→ Task directions: Wherever a line in the records contains the word "edges", return that line.
-- Materials provided follows --
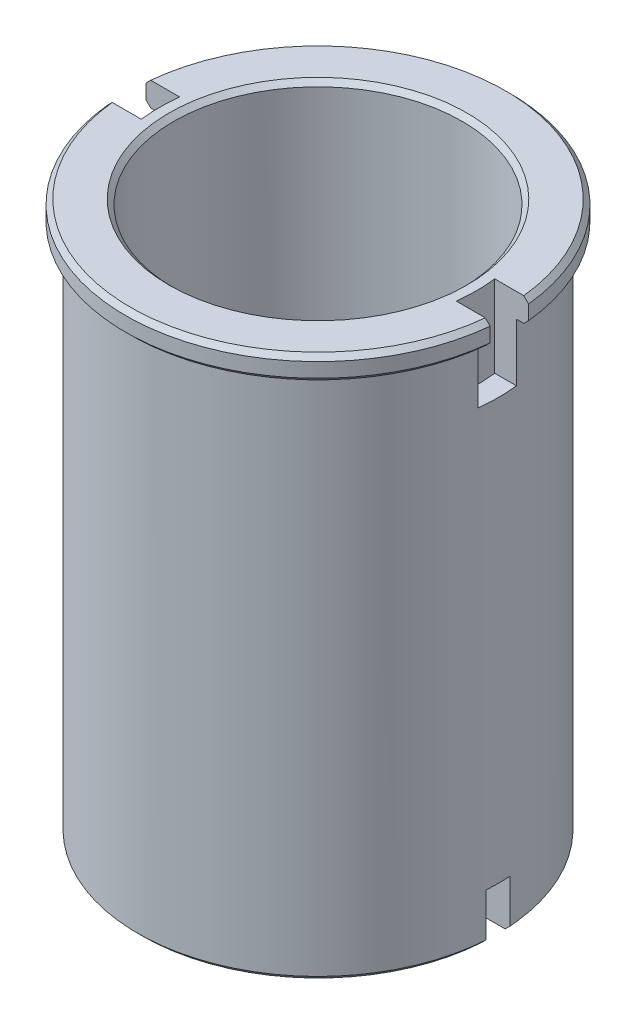
SolidWorks part; units mm, degrees
material "PA Type 6"
ref_plane "Front Plane" through (0, 0, 0) normal (0, 0, 1) x (1, 0, 0)
ref_plane "Top Plane" through (0, 0, 0) normal (0, 1, 0) x (1, 0, 0)
ref_plane "Right Plane" through (0, 0, 0) normal (1, 0, 0) x (0, 0, -1)
sketch "Sketch1" plane through (0, 0, 0) normal (0, 1, 0) x (1, 0, 0)
  circle A0 centre (0, 0) radius 37.5
  circle A2 centre (0, 0) radius 30
  dimension "D1" = 75
  dimension "D2" = 60
extrude "Boss-Extrude1" add sketch "Sketch1" along normal mid plane 114.5
sketch "Sketch2" plane through (0, 57.25, 0) normal (0, 1, 0) x (1, 0, 0)
  circle A0 centre (0, 0) radius 40
  circle A1 centre (0, 0) radius 37.5 construction
  circle A2 centre (0, 0) radius 37.5
  dimension "D1" = 80
extrude "Boss-Extrude2" add sketch "Sketch2" against normal blind 5
sketch "Sketch3" plane through (0, -57.25, 0) normal (0, -1, 0) x (1, 0, 0)
  line L1 (-45, 2.5) -> (45, 2.5)
  line L2 (-45, 2.5) -> (-45, -2.5)
  line L3 (-45, -2.5) -> (45, -2.5)
  line L4 (45, 2.5) -> (45, -2.5)
  line L5 (-45, 2.5) -> (45, -2.5) construction
  line L6 (-45, -2.5) -> (45, 2.5) construction
  point P0 (0, 0)
  dimension "D1" = 5
  dimension "D2" = 90
extrude "Cut-Extrude1" cut sketch "Sketch3" against normal blind 10
sketch "Sketch4" plane through (0, 57.25, 0) normal (0, 1, 0) x (1, 0, 0)
  line L1 (50, -4) -> (-50, -4)
  line L2 (50, -4) -> (50, 4)
  line L3 (50, 4) -> (-50, 4)
  line L4 (-50, -4) -> (-50, 4)
  line L5 (50, -4) -> (-50, 4) construction
  line L6 (50, 4) -> (-50, -4) construction
  circle A0 centre (0, 0) radius 33
  circle A1 centre (0, 0) radius 30 construction
  point P0 (0, 0)
  circle M6 centre (0, 0) radius 40
  dimension "D3" = 3
  dimension "D1" = 8
  dimension "D2" = 100
extrude "Cut-Extrude2" cut sketch "Sketch4" against normal blind 17 contours A0 L1 L3 M6 | A0 L3 L1 M6
chamfer "Chamfer1" distance 1 angle 45 9 edges at (0, 52.25, -40) (0, 57.25, -40) (0, 52.25, 40) (0, 57.25, 40) (0, -57.25, 37.5) (0, -57.25, -37.5) (0, -57.25, -30) (0, -57.25, 30) (0, 57.25, 30)
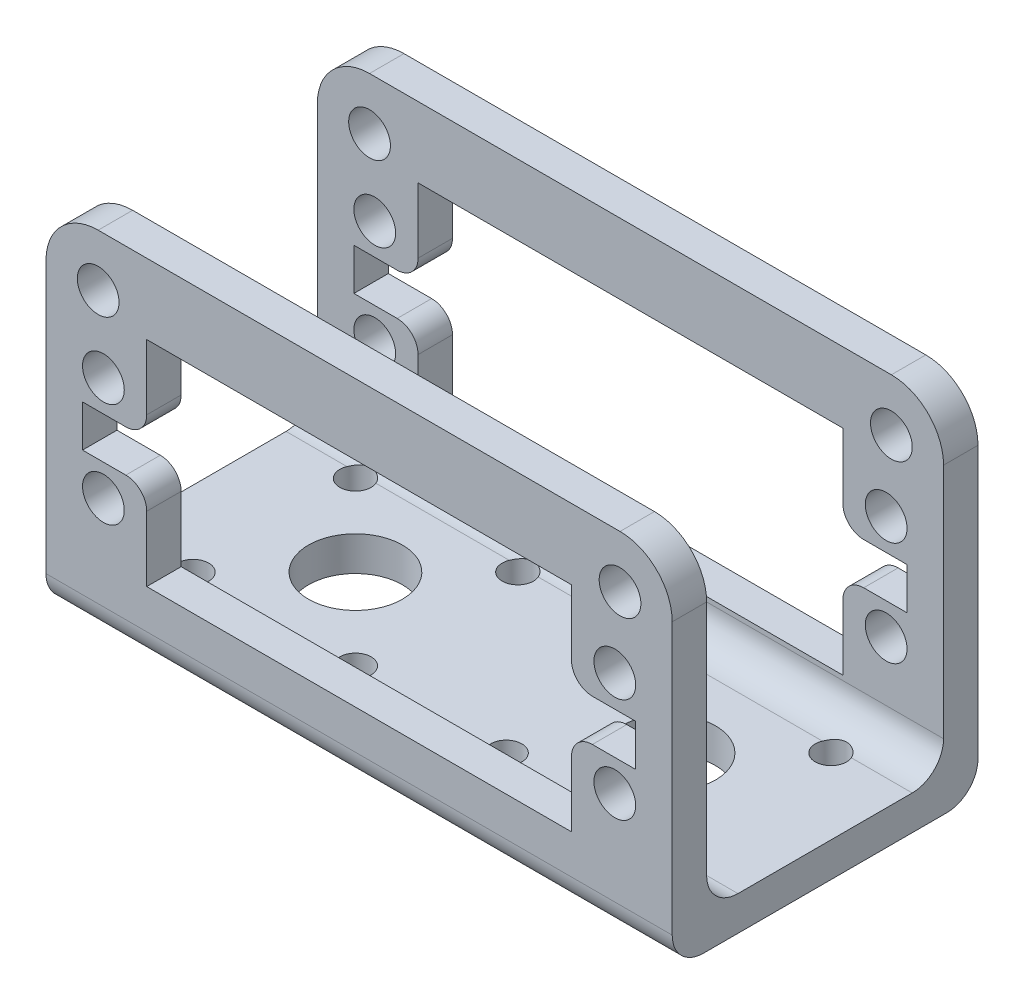
SolidWorks part; units mm, degrees
material "1060 Alloy"
ref_plane "Front Plane" through (0, 0, 0) normal (0, 0, 1) x (1, 0, 0)
ref_plane "Top Plane" through (0, 0, 0) normal (0, 1, 0) x (1, 0, 0)
ref_plane "Right Plane" through (0, 0, 0) normal (1, 0, 0) x (0, 0, -1)
sketch "Sketch1" plane through (0, 0, 0) normal (0, 0, 1) x (1, 0, 0)
  line L0 (-26.5, 0) -> (26.5, 0) construction
  line L1 (30, -17) -> (-30, -17)
  line L2 (30, -17) -> (30, 12)
  line L3 (25, 17) -> (-25, 17)
  line L4 (-30, -17) -> (-30, 12)
  line L5 (30, -17) -> (-30, 17) construction
  line L6 (30, 17) -> (-30, -17) construction
  line L7 (0, 10.25) -> (0, -10.25) construction
  line L8 (-20.35, -4) -> (-20.35, -10.25)
  line L9 (-20.35, 10.25) -> (20.35, 10.25)
  line L10 (-20.35, 10.25) -> (-20.35, 4)
  line L11 (-20.35, -10.25) -> (20.35, -10.25)
  line L12 (20.35, 10.25) -> (20.35, 4)
  line L13 (-20.35, 10.25) -> (20.35, -10.25) construction
  line L14 (-20.35, -10.25) -> (20.35, 10.25) construction
  line L15 (-26.5, 2) -> (-22.35, 2)
  line L16 (-26.5, 2) -> (-26.5, -2)
  line L17 (-26.5, -2) -> (-22.35, -2)
  line L18 (26.5, -2) -> (22.35, -2)
  line L19 (26.5, 2) -> (26.5, -2)
  line L20 (26.5, 2) -> (22.35, 2)
  line L21 (20.35, -4) -> (20.35, -10.25)
  arc A0 (30, 12) -> (25, 17) centre (25, 12) ccw
  arc A1 (-25, 17) -> (-30, 12) centre (-25, 12) ccw
  arc A2 (22.35, 2) -> (20.35, 4) centre (22.35, 4) cw
  arc A3 (22.35, -2) -> (20.35, -4) centre (22.35, -4) ccw
  arc A4 (-22.35, -2) -> (-20.35, -4) centre (-22.35, -4) cw
  arc A5 (-22.35, 2) -> (-20.35, 4) centre (-22.35, 4) ccw
  circle A6 centre (-24.5, 5) radius 2
  circle A7 centre (24.5, 5) radius 2
  circle A8 centre (24.5, -5) radius 2
  circle A9 centre (-24.5, -5) radius 2
  circle A10 centre (-25, 12) radius 2
  circle A11 centre (25, 12) radius 2
  point P0 (0, 0)
  point P16 (0, 0)
  point P25 (-26.5, 0)
  point P32 (20.35, 2)
  point P35 (20.35, -2)
  point P38 (-20.35, -2)
  point P41 (-20.35, 2)
  dimension "D3" = 5
  dimension "D8" = 2
  dimension "D9" = 4
  dimension "D12" = 4
  dimension "D1" = 60
  dimension "D2" = 34
  dimension "D4" = 40.7
  dimension "D5" = 20.5
  dimension "D6" = 4
  dimension "D7" = 6.15
  dimension "D10" = 10
  dimension "D11" = 49
extrude "Boss-Extrude1" add sketch "Sketch1" along normal blind 3.3
sketch "Sketch2" plane through (0, 0, 3.3) normal (0, 0, 1) x (1, 0, 0)
  line L0 (30, -17) -> (30, 12) construction
  line L1 (-30, -17) -> (30, -17)
  line L2 (-30, -17) -> (-30, -13.7)
  line L3 (-30, -13.7) -> (30, -13.7)
  line L4 (30, -17) -> (30, -13.7)
  dimension "D1" = 3.3
extrude "Boss-Extrude2" add sketch "Sketch2" against normal blind 26
sketch "Mirror Sketch" plane through (0, -13.7, 0) normal (0, 1, 0) x (1, 0, 0)
  line L0 (-30, 11.35) -> (30, 11.35) construction
  line L1 (-30, 22.7) -> (-30, 0) construction
  line L2 (30, 22.7) -> (30, 0) construction
ref_plane "Mirror_Plane" through (0, 0, -11.35) normal (0, 0, 1) x (1, 0, 0)
mirror "Mirror1" about plane through (0, 0, -11.35) normal (0, 0, 1) of "Boss-Extrude1"
fillet "Fillet1" radius 3 4 edges at (0, -13.7, 0) (0, -17, -26) (0, -17, 3.3)
sketch "Sketch4" plane through (0, -17, 0) normal (0, -1, 0) x (1, 0, 0)
  line L0 (-30, -11.35) -> (30, -11.35) construction
  line L1 (0, -23) -> (0, 0.3) construction
  line L2 (-30, -23) -> (30, -23) construction
  line L3 (30, 0.3) -> (-30, 0.3) construction
  line L4 (-15, -11.35) -> (-22.7782, -3.5718) construction
  line L5 (-15, -11.35) -> (-15, -0.35) construction
  line L6 (-15, -11.35) -> (-7.2218, -3.5718) construction
  line L7 (-26, -11.35) -> (-4, -11.35) construction
  line L8 (-15, -11.35) -> (-7.2218, -19.1282) construction
  line L9 (-15, -11.35) -> (-22.7782, -19.1282) construction
  circle A0 centre (-15, -11.35) radius 11 construction
  circle A1 centre (15, -11.35) radius 11 construction
  circle A2 centre (-22.7782, -3.5718) radius 1.5
  circle A3 centre (-7.2218, -3.5718) radius 1.5
  circle A4 centre (-7.2218, -19.1282) radius 1.5
  circle A5 centre (-22.7782, -19.1282) radius 1.5
  circle A6 centre (22.7782, -19.1282) radius 1.5
  circle A7 centre (7.2218, -19.1282) radius 1.5
  circle A8 centre (7.2218, -3.5718) radius 1.5
  circle A9 centre (22.7782, -3.5718) radius 1.5
  circle A10 centre (-15, -11.35) radius 4.5
  circle A11 centre (15, -11.35) radius 4.5
  dimension "D1" = 22
  dimension "D4" = 3
  dimension "D5" = 9
  dimension "D2" = 30
  dimension "D3" = 45
extrude "Cut-Extrude1" cut sketch "Sketch4" against normal blind 18
-- Materials provided concluded --
→ Solution for this problem:
chamfer "Chamfer1" distance 1 angle 45 9 edges at (0, 52.25, -40) (0, 57.25, -40) (0, 52.25, 40) (0, 57.25, 40) (0, -57.25, 37.5) (0, -57.25, -37.5) (0, -57.25, -30) (0, -57.25, 30) (0, 57.25, 30)
fillet "Fillet1" radius 3 4 edges at (0, -13.7, 0) (0, -17, -26) (0, -17, 3.3)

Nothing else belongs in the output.